Task goal »
Return, exactly, the line that contains "Line((1.14642236, -10), (-5, -10))" together with all lines after it to the end of the entries, and no further lines.

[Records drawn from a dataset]
········
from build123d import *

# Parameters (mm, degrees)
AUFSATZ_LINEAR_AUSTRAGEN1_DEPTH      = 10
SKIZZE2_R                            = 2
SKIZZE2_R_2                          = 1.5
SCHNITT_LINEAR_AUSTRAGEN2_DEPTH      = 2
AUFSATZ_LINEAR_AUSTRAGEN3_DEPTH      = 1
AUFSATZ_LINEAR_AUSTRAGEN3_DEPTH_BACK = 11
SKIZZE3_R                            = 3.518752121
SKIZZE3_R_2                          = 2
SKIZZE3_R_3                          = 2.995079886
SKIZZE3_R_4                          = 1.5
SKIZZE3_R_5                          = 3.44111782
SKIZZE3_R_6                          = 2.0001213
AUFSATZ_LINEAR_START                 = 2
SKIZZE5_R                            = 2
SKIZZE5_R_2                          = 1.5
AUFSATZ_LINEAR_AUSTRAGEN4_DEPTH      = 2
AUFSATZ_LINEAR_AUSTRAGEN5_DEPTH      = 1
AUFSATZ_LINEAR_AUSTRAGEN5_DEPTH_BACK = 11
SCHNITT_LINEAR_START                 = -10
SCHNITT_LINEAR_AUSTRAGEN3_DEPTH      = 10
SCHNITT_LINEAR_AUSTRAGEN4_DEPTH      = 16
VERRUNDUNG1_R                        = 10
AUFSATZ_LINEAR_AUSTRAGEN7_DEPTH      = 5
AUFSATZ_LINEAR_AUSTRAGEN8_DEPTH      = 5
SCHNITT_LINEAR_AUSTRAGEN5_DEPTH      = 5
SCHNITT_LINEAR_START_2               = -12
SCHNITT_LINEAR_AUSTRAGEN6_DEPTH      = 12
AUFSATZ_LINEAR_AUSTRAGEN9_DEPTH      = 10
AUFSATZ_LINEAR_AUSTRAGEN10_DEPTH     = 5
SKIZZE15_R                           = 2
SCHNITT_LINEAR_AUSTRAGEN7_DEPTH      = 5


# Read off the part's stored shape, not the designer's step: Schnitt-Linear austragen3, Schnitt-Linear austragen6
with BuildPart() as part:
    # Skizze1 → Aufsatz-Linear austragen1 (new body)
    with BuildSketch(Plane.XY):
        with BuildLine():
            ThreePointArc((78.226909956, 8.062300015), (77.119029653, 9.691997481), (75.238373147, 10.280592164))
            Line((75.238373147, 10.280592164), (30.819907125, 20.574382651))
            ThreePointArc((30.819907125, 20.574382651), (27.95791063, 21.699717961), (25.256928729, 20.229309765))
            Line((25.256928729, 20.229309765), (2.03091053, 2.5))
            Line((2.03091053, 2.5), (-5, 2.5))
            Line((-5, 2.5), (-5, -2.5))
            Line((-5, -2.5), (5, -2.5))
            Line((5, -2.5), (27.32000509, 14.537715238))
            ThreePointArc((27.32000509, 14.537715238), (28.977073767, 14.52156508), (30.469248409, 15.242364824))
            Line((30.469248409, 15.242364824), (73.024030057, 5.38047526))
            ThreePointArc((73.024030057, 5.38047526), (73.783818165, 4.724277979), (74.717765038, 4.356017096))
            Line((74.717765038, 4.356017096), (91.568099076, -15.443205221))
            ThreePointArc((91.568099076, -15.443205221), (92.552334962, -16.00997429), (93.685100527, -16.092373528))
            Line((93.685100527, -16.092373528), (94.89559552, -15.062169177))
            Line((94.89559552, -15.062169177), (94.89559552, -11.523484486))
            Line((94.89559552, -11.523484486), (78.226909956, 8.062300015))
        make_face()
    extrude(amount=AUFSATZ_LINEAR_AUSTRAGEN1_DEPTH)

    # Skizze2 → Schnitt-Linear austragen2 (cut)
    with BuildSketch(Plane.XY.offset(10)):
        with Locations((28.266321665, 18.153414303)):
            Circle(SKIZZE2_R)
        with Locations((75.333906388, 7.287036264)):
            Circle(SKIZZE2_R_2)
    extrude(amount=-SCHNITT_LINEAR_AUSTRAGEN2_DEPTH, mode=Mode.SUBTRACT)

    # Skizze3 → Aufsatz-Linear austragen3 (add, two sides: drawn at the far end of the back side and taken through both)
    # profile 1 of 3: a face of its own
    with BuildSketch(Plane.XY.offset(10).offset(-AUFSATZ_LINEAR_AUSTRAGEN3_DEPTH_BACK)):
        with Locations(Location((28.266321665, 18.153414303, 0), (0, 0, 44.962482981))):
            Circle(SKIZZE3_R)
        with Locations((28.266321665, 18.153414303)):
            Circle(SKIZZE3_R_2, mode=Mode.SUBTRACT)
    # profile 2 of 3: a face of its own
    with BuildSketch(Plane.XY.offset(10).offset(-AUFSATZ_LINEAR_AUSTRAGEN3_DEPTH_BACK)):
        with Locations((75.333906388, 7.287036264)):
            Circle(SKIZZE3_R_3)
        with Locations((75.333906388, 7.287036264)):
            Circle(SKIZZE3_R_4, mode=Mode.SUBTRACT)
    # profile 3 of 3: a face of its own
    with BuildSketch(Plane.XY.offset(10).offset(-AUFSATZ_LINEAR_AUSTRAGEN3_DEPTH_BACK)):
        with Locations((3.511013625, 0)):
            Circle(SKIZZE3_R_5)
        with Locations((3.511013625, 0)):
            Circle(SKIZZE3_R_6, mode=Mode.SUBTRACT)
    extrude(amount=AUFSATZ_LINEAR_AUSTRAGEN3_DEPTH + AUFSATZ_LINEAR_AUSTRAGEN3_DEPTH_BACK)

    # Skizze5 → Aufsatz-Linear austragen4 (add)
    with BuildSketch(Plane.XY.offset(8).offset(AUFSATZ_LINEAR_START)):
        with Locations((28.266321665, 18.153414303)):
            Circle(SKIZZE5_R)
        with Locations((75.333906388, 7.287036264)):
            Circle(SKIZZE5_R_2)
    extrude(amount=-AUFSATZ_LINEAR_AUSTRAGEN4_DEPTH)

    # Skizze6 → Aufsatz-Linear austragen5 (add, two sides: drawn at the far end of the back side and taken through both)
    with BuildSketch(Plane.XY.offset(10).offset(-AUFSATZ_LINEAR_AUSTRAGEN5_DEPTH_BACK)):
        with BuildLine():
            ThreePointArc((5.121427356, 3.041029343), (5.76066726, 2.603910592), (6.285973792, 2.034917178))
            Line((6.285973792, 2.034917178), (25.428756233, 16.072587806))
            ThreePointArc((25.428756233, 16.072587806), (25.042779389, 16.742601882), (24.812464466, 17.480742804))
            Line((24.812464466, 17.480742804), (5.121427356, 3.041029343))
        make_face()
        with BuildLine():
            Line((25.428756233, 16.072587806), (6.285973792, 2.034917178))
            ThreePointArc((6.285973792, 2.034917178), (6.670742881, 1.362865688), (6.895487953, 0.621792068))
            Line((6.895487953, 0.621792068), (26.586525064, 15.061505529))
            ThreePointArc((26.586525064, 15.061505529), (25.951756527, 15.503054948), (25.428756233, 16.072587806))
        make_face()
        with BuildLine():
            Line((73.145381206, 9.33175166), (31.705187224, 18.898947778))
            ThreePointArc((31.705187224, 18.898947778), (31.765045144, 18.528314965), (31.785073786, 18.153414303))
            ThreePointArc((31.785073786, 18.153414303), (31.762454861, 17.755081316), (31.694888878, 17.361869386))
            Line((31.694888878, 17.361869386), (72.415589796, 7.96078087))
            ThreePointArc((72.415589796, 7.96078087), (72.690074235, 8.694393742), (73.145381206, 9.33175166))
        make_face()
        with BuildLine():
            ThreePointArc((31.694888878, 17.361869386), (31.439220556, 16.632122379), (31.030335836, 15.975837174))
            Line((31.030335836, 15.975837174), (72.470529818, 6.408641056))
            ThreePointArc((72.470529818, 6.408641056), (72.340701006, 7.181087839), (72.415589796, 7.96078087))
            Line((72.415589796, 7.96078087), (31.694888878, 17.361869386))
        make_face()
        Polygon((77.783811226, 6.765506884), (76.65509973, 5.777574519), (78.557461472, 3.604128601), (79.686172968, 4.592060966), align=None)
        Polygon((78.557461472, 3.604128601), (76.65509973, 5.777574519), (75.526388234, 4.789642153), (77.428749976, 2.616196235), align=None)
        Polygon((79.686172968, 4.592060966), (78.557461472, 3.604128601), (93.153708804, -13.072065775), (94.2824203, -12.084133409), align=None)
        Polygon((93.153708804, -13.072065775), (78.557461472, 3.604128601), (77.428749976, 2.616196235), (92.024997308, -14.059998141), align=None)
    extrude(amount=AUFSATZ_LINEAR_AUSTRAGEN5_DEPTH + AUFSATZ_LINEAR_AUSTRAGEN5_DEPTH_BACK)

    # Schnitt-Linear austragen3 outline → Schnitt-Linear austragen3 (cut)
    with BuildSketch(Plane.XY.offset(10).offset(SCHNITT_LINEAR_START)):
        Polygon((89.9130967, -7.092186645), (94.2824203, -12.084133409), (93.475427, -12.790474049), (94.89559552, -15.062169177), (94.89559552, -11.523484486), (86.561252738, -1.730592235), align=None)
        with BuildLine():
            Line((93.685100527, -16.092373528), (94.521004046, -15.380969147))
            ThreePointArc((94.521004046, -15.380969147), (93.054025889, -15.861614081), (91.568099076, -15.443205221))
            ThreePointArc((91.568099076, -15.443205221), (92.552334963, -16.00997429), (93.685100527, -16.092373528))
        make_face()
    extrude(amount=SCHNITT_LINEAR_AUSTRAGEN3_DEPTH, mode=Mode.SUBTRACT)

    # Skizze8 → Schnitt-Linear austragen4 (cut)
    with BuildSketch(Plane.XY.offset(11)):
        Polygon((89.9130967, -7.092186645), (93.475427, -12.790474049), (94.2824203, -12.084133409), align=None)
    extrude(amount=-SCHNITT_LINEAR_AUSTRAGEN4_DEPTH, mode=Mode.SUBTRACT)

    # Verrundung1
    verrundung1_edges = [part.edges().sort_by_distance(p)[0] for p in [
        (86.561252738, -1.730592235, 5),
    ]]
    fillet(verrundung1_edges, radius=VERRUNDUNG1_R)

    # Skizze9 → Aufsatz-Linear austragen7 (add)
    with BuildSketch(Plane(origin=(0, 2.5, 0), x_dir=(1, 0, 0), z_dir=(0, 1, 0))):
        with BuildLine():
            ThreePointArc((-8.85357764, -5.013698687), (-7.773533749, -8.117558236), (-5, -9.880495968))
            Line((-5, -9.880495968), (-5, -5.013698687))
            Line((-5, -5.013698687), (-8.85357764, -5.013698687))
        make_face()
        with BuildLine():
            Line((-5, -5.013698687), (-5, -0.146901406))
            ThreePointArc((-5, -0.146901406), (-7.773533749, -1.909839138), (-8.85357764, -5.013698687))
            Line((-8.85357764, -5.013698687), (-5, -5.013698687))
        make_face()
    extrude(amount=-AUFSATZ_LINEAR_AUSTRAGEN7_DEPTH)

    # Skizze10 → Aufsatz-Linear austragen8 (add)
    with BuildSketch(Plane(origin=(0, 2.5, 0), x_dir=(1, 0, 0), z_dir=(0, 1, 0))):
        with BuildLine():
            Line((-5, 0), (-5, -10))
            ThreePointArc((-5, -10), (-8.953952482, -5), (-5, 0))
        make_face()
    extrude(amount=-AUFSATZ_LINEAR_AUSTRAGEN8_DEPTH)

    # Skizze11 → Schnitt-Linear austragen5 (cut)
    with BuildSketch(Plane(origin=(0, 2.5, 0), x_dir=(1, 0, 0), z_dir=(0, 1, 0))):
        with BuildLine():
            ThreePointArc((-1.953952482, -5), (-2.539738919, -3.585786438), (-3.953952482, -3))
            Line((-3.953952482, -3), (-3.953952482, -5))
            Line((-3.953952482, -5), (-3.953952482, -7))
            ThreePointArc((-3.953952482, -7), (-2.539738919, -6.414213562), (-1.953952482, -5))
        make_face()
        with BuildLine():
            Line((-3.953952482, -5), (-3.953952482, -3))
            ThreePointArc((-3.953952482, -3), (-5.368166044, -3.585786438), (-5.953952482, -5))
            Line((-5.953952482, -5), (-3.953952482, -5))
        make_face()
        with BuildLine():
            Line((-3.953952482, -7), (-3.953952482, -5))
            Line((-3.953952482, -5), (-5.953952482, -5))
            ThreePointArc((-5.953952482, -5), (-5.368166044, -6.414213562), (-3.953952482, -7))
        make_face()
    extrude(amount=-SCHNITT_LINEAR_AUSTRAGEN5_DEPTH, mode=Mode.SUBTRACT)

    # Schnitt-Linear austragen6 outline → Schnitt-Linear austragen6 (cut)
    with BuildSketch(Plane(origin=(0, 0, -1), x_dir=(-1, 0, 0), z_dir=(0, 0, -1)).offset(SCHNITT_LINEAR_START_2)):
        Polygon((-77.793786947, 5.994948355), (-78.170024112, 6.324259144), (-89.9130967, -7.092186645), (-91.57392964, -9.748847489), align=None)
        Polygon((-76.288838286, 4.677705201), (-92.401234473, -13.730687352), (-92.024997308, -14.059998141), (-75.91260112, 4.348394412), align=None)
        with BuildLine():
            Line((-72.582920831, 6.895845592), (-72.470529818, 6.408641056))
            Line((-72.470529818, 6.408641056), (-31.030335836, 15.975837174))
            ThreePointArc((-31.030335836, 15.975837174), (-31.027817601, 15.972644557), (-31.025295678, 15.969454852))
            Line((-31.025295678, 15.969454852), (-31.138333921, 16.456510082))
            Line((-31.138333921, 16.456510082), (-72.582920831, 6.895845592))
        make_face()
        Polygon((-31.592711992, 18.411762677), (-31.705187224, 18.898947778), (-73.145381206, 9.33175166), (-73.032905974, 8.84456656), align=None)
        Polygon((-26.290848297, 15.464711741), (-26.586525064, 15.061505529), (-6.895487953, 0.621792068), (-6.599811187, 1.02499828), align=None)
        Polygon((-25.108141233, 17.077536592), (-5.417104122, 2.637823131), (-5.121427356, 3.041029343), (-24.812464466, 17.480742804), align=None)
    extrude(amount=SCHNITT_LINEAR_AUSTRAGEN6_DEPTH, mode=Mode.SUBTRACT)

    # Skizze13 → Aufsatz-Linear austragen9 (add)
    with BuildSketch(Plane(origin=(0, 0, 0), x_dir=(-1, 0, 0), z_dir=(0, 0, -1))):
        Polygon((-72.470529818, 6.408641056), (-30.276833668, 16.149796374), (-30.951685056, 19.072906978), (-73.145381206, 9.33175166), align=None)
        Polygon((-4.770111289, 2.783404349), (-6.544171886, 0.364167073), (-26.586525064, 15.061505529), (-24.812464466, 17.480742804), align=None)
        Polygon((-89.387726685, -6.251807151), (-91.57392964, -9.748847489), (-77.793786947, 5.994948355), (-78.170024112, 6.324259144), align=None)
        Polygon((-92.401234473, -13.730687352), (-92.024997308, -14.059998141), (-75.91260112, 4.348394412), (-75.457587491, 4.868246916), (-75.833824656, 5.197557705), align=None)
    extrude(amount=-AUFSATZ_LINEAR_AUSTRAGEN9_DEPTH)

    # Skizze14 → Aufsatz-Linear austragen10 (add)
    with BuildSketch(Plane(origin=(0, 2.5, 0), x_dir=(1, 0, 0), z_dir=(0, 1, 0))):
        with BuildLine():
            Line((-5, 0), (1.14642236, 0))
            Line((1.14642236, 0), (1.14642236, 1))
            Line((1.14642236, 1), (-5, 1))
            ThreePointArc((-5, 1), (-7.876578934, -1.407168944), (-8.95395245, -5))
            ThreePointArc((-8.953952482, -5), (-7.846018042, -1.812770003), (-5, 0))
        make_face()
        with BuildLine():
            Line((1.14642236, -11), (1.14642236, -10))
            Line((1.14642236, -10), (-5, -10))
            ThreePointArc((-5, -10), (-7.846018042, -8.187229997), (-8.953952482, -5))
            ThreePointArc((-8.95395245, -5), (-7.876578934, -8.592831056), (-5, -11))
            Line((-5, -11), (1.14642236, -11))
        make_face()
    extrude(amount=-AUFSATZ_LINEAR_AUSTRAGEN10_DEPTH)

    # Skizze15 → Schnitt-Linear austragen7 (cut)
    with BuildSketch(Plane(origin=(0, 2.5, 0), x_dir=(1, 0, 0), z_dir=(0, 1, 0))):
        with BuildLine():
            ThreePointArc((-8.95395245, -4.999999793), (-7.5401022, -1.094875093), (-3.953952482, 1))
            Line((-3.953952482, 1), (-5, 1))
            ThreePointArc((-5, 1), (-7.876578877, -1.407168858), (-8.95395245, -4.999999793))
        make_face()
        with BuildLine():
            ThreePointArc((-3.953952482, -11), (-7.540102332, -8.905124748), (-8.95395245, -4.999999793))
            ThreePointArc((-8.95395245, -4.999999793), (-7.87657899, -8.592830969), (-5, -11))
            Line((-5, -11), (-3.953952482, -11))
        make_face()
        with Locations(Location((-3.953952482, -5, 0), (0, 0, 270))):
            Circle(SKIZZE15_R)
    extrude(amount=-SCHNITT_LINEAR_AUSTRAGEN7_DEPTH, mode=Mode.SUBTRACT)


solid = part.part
········
Reply »
            Line((1.14642236, -10), (-5, -10))
            ThreePointArc((-5, -10), (-7.846018042, -8.187229997), (-8.953952482, -5))
            ThreePointArc((-8.95395245, -5), (-7.876578934, -8.592831056), (-5, -11))
            Line((-5, -11), (1.14642236, -11))
        make_face()
    extrude(amount=-AUFSATZ_LINEAR_AUSTRAGEN10_DEPTH)

    # Skizze15 → Schnitt-Linear austragen7 (cut)
    with BuildSketch(Plane(origin=(0, 2.5, 0), x_dir=(1, 0, 0), z_dir=(0, 1, 0))):
        with BuildLine():
            ThreePointArc((-8.95395245, -4.999999793), (-7.5401022, -1.094875093), (-3.953952482, 1))
            Line((-3.953952482, 1), (-5, 1))
            ThreePointArc((-5, 1), (-7.876578877, -1.407168858), (-8.95395245, -4.999999793))
        make_face()
        with BuildLine():
            ThreePointArc((-3.953952482, -11), (-7.540102332, -8.905124748), (-8.95395245, -4.999999793))
            ThreePointArc((-8.95395245, -4.999999793), (-7.87657899, -8.592830969), (-5, -11))
            Line((-5, -11), (-3.953952482, -11))
        make_face()
        with Locations(Location((-3.953952482, -5, 0), (0, 0, 270))):
            Circle(SKIZZE15_R)
    extrude(amount=-SCHNITT_LINEAR_AUSTRAGEN7_DEPTH, mode=Mode.SUBTRACT)


solid = part.part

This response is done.